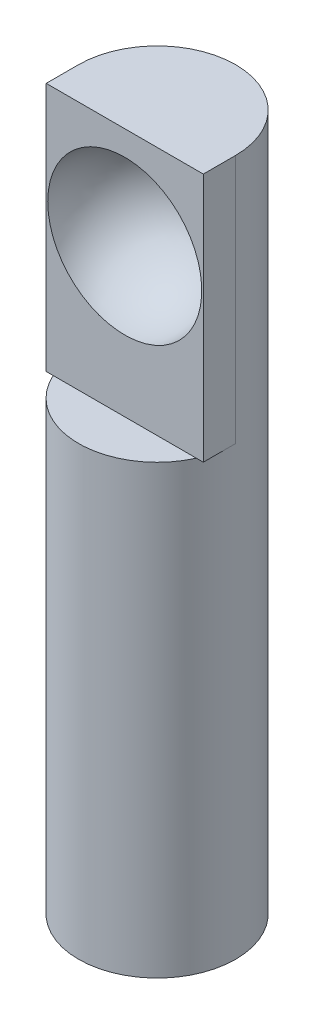
ISO-10303-21;
HEADER;
FILE_DESCRIPTION(('STEP AP214'),'2;1');
FILE_NAME('part.step','',(''),(''),'','','');
FILE_SCHEMA(('AUTOMOTIVE_DESIGN { 1 0 10303 214 1 1 1 1 }'));
ENDSEC;
DATA;
#1=APPLICATION_CONTEXT('core data for automotive mechanical design processes');
#2=APPLICATION_PROTOCOL_DEFINITION('international standard','automotive_design',2000,#1);
#3=PRODUCT_CONTEXT('',#1,'mechanical');
#4=PRODUCT('Part','Part','',(#3));
#5=PRODUCT_RELATED_PRODUCT_CATEGORY('part','',(#4));
#6=PRODUCT_DEFINITION_FORMATION('','',#4);
#7=PRODUCT_DEFINITION_CONTEXT('part definition',#1,'design');
#8=PRODUCT_DEFINITION('design','',#6,#7);
#9=PRODUCT_DEFINITION_SHAPE('','',#8);
#10=(LENGTH_UNIT() NAMED_UNIT(*) SI_UNIT(.MILLI.,.METRE.));
#11=(NAMED_UNIT(*) PLANE_ANGLE_UNIT() SI_UNIT($,.RADIAN.));
#12=(NAMED_UNIT(*) SI_UNIT($,.STERADIAN.) SOLID_ANGLE_UNIT());
#13=UNCERTAINTY_MEASURE_WITH_UNIT(LENGTH_MEASURE(1.E-05),#10,'distance_accuracy_value','');
#14=(GEOMETRIC_REPRESENTATION_CONTEXT(3) GLOBAL_UNCERTAINTY_ASSIGNED_CONTEXT((#13)) GLOBAL_UNIT_ASSIGNED_CONTEXT((#10,
#11,#12)) REPRESENTATION_CONTEXT('',''));
#15=CARTESIAN_POINT('',(0.,0.,0.));
#16=DIRECTION('',(0.,0.,1.));
#17=DIRECTION('',(1.,0.,0.));
#18=AXIS2_PLACEMENT_3D('',#15,#16,#17);
#19=CARTESIAN_POINT('',(-2.55,11.3,2.55));
#20=DIRECTION('',(0.,-1.,0.));
#21=DIRECTION('',(0.,0.,-1.));
#22=AXIS2_PLACEMENT_3D('',#19,#20,#21);
#23=PLANE('',#22);
#24=DIRECTION('',(0.,0.,-1.));
#25=VECTOR('',#24,1.);
#26=CARTESIAN_POINT('',(2.55,11.3,2.55));
#27=LINE('',#26,#25);
#28=CARTESIAN_POINT('',(2.55,11.3,1.05));
#29=VERTEX_POINT('',#28);
#30=CARTESIAN_POINT('',(2.55,11.3,0.));
#31=VERTEX_POINT('',#30);
#32=EDGE_CURVE('E77',#29,#31,#27,.T.);
#33=ORIENTED_EDGE('',*,*,#32,.T.);
#34=CARTESIAN_POINT('',(0.,11.3,0.));
#35=DIRECTION('',(0.,-1.,0.));
#36=DIRECTION('',(0.,0.,-1.));
#37=AXIS2_PLACEMENT_3D('',#34,#35,#36);
#38=CIRCLE('',#37,2.55);
#39=CARTESIAN_POINT('',(-2.55,11.3,0.));
#40=VERTEX_POINT('',#39);
#41=EDGE_CURVE('E115',#31,#40,#38,.F.);
#42=ORIENTED_EDGE('',*,*,#41,.T.);
#43=DIRECTION('',(0.,0.,-1.));
#44=VECTOR('',#43,1.);
#45=CARTESIAN_POINT('',(-2.55,11.3,2.55));
#46=LINE('',#45,#44);
#47=CARTESIAN_POINT('',(-2.55,11.3,1.05));
#48=VERTEX_POINT('',#47);
#49=EDGE_CURVE('E133',#48,#40,#46,.T.);
#50=ORIENTED_EDGE('',*,*,#49,.F.);
#51=DIRECTION('',(-1.,0.,0.));
#52=VECTOR('',#51,1.);
#53=CARTESIAN_POINT('',(2.55,11.3,1.05));
#54=LINE('',#53,#52);
#55=EDGE_CURVE('E132',#29,#48,#54,.T.);
#56=ORIENTED_EDGE('',*,*,#55,.F.);
#57=EDGE_LOOP('',(#33,#42,#50,#56));
#58=FACE_BOUND('',#57,.T.);
#59=ADVANCED_FACE('F68',(#58),#23,.F.);
#60=CARTESIAN_POINT('',(-2.55,-11.3,2.55));
#61=DIRECTION('',(1.,0.,0.));
#62=DIRECTION('',(0.,0.,-1.));
#63=AXIS2_PLACEMENT_3D('',#60,#61,#62);
#64=PLANE('',#63);
#65=DIRECTION('',(0.,-1.,0.));
#66=VECTOR('',#65,1.);
#67=CARTESIAN_POINT('',(-2.55,11.3,0.));
#68=LINE('',#67,#66);
#69=CARTESIAN_POINT('',(-2.55,3.2,0.));
#70=VERTEX_POINT('',#69);
#71=EDGE_CURVE('E118',#40,#70,#68,.T.);
#72=ORIENTED_EDGE('',*,*,#71,.T.);
#73=DIRECTION('',(0.,0.,-1.));
#74=VECTOR('',#73,1.);
#75=CARTESIAN_POINT('',(-2.55,3.2,0.));
#76=LINE('',#75,#74);
#77=CARTESIAN_POINT('',(-2.55,3.2,1.05));
#78=VERTEX_POINT('',#77);
#79=EDGE_CURVE('E138',#78,#70,#76,.T.);
#80=ORIENTED_EDGE('',*,*,#79,.F.);
#81=DIRECTION('',(0.,1.,0.));
#82=VECTOR('',#81,1.);
#83=CARTESIAN_POINT('',(-2.55,-2.1160135440008,1.05));
#84=LINE('',#83,#82);
#85=EDGE_CURVE('E154',#78,#48,#84,.T.);
#86=ORIENTED_EDGE('',*,*,#85,.T.);
#87=ORIENTED_EDGE('',*,*,#49,.T.);
#88=EDGE_LOOP('',(#72,#80,#86,#87));
#89=FACE_BOUND('',#88,.T.);
#90=ADVANCED_FACE('F175',(#89),#64,.F.);
#91=CARTESIAN_POINT('',(-2.55,-11.3,2.55));
#92=DIRECTION('',(0.,1.,0.));
#93=DIRECTION('',(0.,0.,1.));
#94=AXIS2_PLACEMENT_3D('',#91,#92,#93);
#95=PLANE('',#94);
#96=CARTESIAN_POINT('',(0.,-11.3,0.));
#97=DIRECTION('',(0.,-1.,0.));
#98=DIRECTION('',(0.,0.,-1.));
#99=AXIS2_PLACEMENT_3D('',#96,#97,#98);
#100=CIRCLE('',#99,2.55);
#101=CARTESIAN_POINT('',(0.,-11.3,-2.55));
#102=VERTEX_POINT('',#101);
#103=EDGE_CURVE('E135',#102,#102,#100,.T.);
#104=ORIENTED_EDGE('',*,*,#103,.T.);
#105=EDGE_LOOP('',(#104));
#106=FACE_BOUND('',#105,.T.);
#107=ADVANCED_FACE('F179',(#106),#95,.F.);
#108=CARTESIAN_POINT('',(2.55,-11.3,2.55));
#109=DIRECTION('',(-1.,0.,0.));
#110=DIRECTION('',(0.,0.,1.));
#111=AXIS2_PLACEMENT_3D('',#108,#109,#110);
#112=PLANE('',#111);
#113=DIRECTION('',(0.,0.,1.));
#114=VECTOR('',#113,1.);
#115=CARTESIAN_POINT('',(2.55,3.2,0.));
#116=LINE('',#115,#114);
#117=CARTESIAN_POINT('',(2.55,3.2,0.));
#118=VERTEX_POINT('',#117);
#119=CARTESIAN_POINT('',(2.55,3.2,1.05));
#120=VERTEX_POINT('',#119);
#121=EDGE_CURVE('E129',#118,#120,#116,.T.);
#122=ORIENTED_EDGE('',*,*,#121,.F.);
#123=DIRECTION('',(0.,-1.,0.));
#124=VECTOR('',#123,1.);
#125=CARTESIAN_POINT('',(2.55,11.3,0.));
#126=LINE('',#125,#124);
#127=EDGE_CURVE('E91',#31,#118,#126,.T.);
#128=ORIENTED_EDGE('',*,*,#127,.F.);
#129=ORIENTED_EDGE('',*,*,#32,.F.);
#130=DIRECTION('',(0.,1.,0.));
#131=VECTOR('',#130,1.);
#132=CARTESIAN_POINT('',(2.55,-2.1160135440008,1.05));
#133=LINE('',#132,#131);
#134=EDGE_CURVE('E152',#120,#29,#133,.T.);
#135=ORIENTED_EDGE('',*,*,#134,.F.);
#136=EDGE_LOOP('',(#122,#128,#129,#135));
#137=FACE_BOUND('',#136,.T.);
#138=ADVANCED_FACE('F70',(#137),#112,.F.);
#139=CARTESIAN_POINT('',(2.55,3.2,-3.55));
#140=DIRECTION('',(0.,1.,0.));
#141=DIRECTION('',(0.,0.,1.));
#142=AXIS2_PLACEMENT_3D('',#139,#140,#141);
#143=PLANE('',#142);
#144=CARTESIAN_POINT('',(0.,3.2,0.));
#145=DIRECTION('',(0.,1.,0.));
#146=DIRECTION('',(0.,0.,1.));
#147=AXIS2_PLACEMENT_3D('',#144,#145,#146);
#148=CIRCLE('',#147,2.55);
#149=CARTESIAN_POINT('',(-2.32379000772445,3.2,1.05));
#150=VERTEX_POINT('',#149);
#151=EDGE_CURVE('E142',#150,#70,#148,.F.);
#152=ORIENTED_EDGE('',*,*,#151,.F.);
#153=DIRECTION('',(1.,0.,0.));
#154=VECTOR('',#153,1.);
#155=CARTESIAN_POINT('',(2.55,3.2,1.05));
#156=LINE('',#155,#154);
#157=EDGE_CURVE('E148',#78,#150,#156,.T.);
#158=ORIENTED_EDGE('',*,*,#157,.F.);
#159=ORIENTED_EDGE('',*,*,#79,.T.);
#160=EDGE_LOOP('',(#152,#158,#159));
#161=FACE_BOUND('',#160,.T.);
#162=ADVANCED_FACE('F185',(#161),#143,.F.);
#163=CARTESIAN_POINT('',(0.,6.8062445840514,0.));
#164=DIRECTION('',(0.,-1.,0.));
#165=DIRECTION('',(0.,0.,-1.));
#166=AXIS2_PLACEMENT_3D('',#163,#164,#165);
#167=CYLINDRICAL_SURFACE('',#166,2.55);
#168=ORIENTED_EDGE('',*,*,#103,.F.);
#169=EDGE_LOOP('',(#168));
#170=FACE_BOUND('',#169,.T.);
#171=CARTESIAN_POINT('',(2.32379000772445,3.2,1.05));
#172=VERTEX_POINT('',#171);
#173=EDGE_CURVE('E83',#172,#150,#148,.F.);
#174=ORIENTED_EDGE('',*,*,#173,.T.);
#175=ORIENTED_EDGE('',*,*,#151,.T.);
#176=ORIENTED_EDGE('',*,*,#71,.F.);
#177=ORIENTED_EDGE('',*,*,#41,.F.);
#178=ORIENTED_EDGE('',*,*,#127,.T.);
#179=CARTESIAN_POINT('',(0.,3.2,0.));
#180=DIRECTION('',(0.,1.,0.));
#181=DIRECTION('',(0.,0.,1.));
#182=AXIS2_PLACEMENT_3D('',#179,#180,#181);
#183=CIRCLE('',#182,2.55);
#184=EDGE_CURVE('E146',#118,#172,#183,.F.);
#185=ORIENTED_EDGE('',*,*,#184,.T.);
#186=EDGE_LOOP('',(#174,#175,#176,#177,#178,#185));
#187=FACE_BOUND('',#186,.T.);
#188=ADVANCED_FACE('F116',(#170,#187),#167,.T.);
#189=CARTESIAN_POINT('',(2.55,3.2,-3.55));
#190=DIRECTION('',(0.,1.,0.));
#191=DIRECTION('',(0.,0.,1.));
#192=AXIS2_PLACEMENT_3D('',#189,#190,#191);
#193=PLANE('',#192);
#194=ORIENTED_EDGE('',*,*,#121,.T.);
#195=DIRECTION('',(-1.,0.,0.));
#196=VECTOR('',#195,1.);
#197=CARTESIAN_POINT('',(2.55,3.2,1.05));
#198=LINE('',#197,#196);
#199=EDGE_CURVE('E12',#120,#172,#198,.T.);
#200=ORIENTED_EDGE('',*,*,#199,.T.);
#201=ORIENTED_EDGE('',*,*,#184,.F.);
#202=EDGE_LOOP('',(#194,#200,#201));
#203=FACE_BOUND('',#202,.T.);
#204=ADVANCED_FACE('F191',(#203),#193,.F.);
#205=CARTESIAN_POINT('',(2.55,-2.1160135440008,1.05));
#206=DIRECTION('',(0.,0.,-1.));
#207=DIRECTION('',(-1.,0.,0.));
#208=AXIS2_PLACEMENT_3D('',#205,#206,#207);
#209=PLANE('',#208);
#210=CARTESIAN_POINT('',(0.,8.,1.05));
#211=DIRECTION('',(0.,0.,-1.));
#212=DIRECTION('',(-1.,0.,0.));
#213=AXIS2_PLACEMENT_3D('',#210,#211,#212);
#214=CIRCLE('',#213,2.5);
#215=CARTESIAN_POINT('',(-2.5,8.,1.05));
#216=VERTEX_POINT('',#215);
#217=EDGE_CURVE('E72',#216,#216,#214,.T.);
#218=ORIENTED_EDGE('',*,*,#217,.T.);
#219=EDGE_LOOP('',(#218));
#220=FACE_BOUND('',#219,.T.);
#221=ORIENTED_EDGE('',*,*,#157,.T.);
#222=EDGE_CURVE('E151',#150,#172,#156,.T.);
#223=ORIENTED_EDGE('',*,*,#222,.T.);
#224=ORIENTED_EDGE('',*,*,#199,.F.);
#225=ORIENTED_EDGE('',*,*,#134,.T.);
#226=ORIENTED_EDGE('',*,*,#55,.T.);
#227=ORIENTED_EDGE('',*,*,#85,.F.);
#228=EDGE_LOOP('',(#221,#223,#224,#225,#226,#227));
#229=FACE_BOUND('',#228,.T.);
#230=ADVANCED_FACE('F163',(#220,#229),#209,.F.);
#231=CARTESIAN_POINT('',(2.55,3.2,-3.55));
#232=DIRECTION('',(0.,1.,0.));
#233=DIRECTION('',(0.,0.,1.));
#234=AXIS2_PLACEMENT_3D('',#231,#232,#233);
#235=PLANE('',#234);
#236=ORIENTED_EDGE('',*,*,#173,.F.);
#237=ORIENTED_EDGE('',*,*,#222,.F.);
#238=EDGE_LOOP('',(#236,#237));
#239=FACE_BOUND('',#238,.T.);
#240=ADVANCED_FACE('F168',(#239),#235,.T.);
#241=CARTESIAN_POINT('',(0.,8.,1.05));
#242=DIRECTION('',(-1.,0.,0.));
#243=DIRECTION('',(0.,1.,0.));
#244=AXIS2_PLACEMENT_3D('',#241,#242,#243);
#245=SPHERICAL_SURFACE('',#244,2.5);
#246=CARTESIAN_POINT('',(0.,8.,1.05));
#247=DIRECTION('',(0.,0.,-1.));
#248=DIRECTION('',(-1.,0.,0.));
#249=AXIS2_PLACEMENT_3D('',#246,#247,#248);
#250=SPHERICAL_SURFACE('',#249,2.5);
#251=ORIENTED_EDGE('',*,*,#217,.F.);
#252=EDGE_LOOP('',(#251));
#253=FACE_BOUND('',#252,.T.);
#254=ADVANCED_FACE('F166',(#253),#250,.F.);
#255=CLOSED_SHELL('',(#59,#90,#107,#138,#162,#188,#204,#230,#240,#254));
#256=MANIFOLD_SOLID_BREP('B2',#255);
#257=ADVANCED_BREP_SHAPE_REPRESENTATION('',(#18,#256),#14);
#258=SHAPE_DEFINITION_REPRESENTATION(#9,#257);
ENDSEC;
END-ISO-10303-21;

WORK REQUEST:
Extract the lines of the preceding material that run from the line with "#159=ORIENTED_EDGE('',*,*,#79,.T.);" through the line with "#170=FACE_BOUND('',#169,.T.);", inclusive, reproducing them exactly and adding nothing.

OUTPUT BELOW:
#159=ORIENTED_EDGE('',*,*,#79,.T.);
#160=EDGE_LOOP('',(#152,#158,#159));
#161=FACE_BOUND('',#160,.T.);
#162=ADVANCED_FACE('F185',(#161),#143,.F.);
#163=CARTESIAN_POINT('',(0.,6.8062445840514,0.));
#164=DIRECTION('',(0.,-1.,0.));
#165=DIRECTION('',(0.,0.,-1.));
#166=AXIS2_PLACEMENT_3D('',#163,#164,#165);
#167=CYLINDRICAL_SURFACE('',#166,2.55);
#168=ORIENTED_EDGE('',*,*,#103,.F.);
#169=EDGE_LOOP('',(#168));
#170=FACE_BOUND('',#169,.T.);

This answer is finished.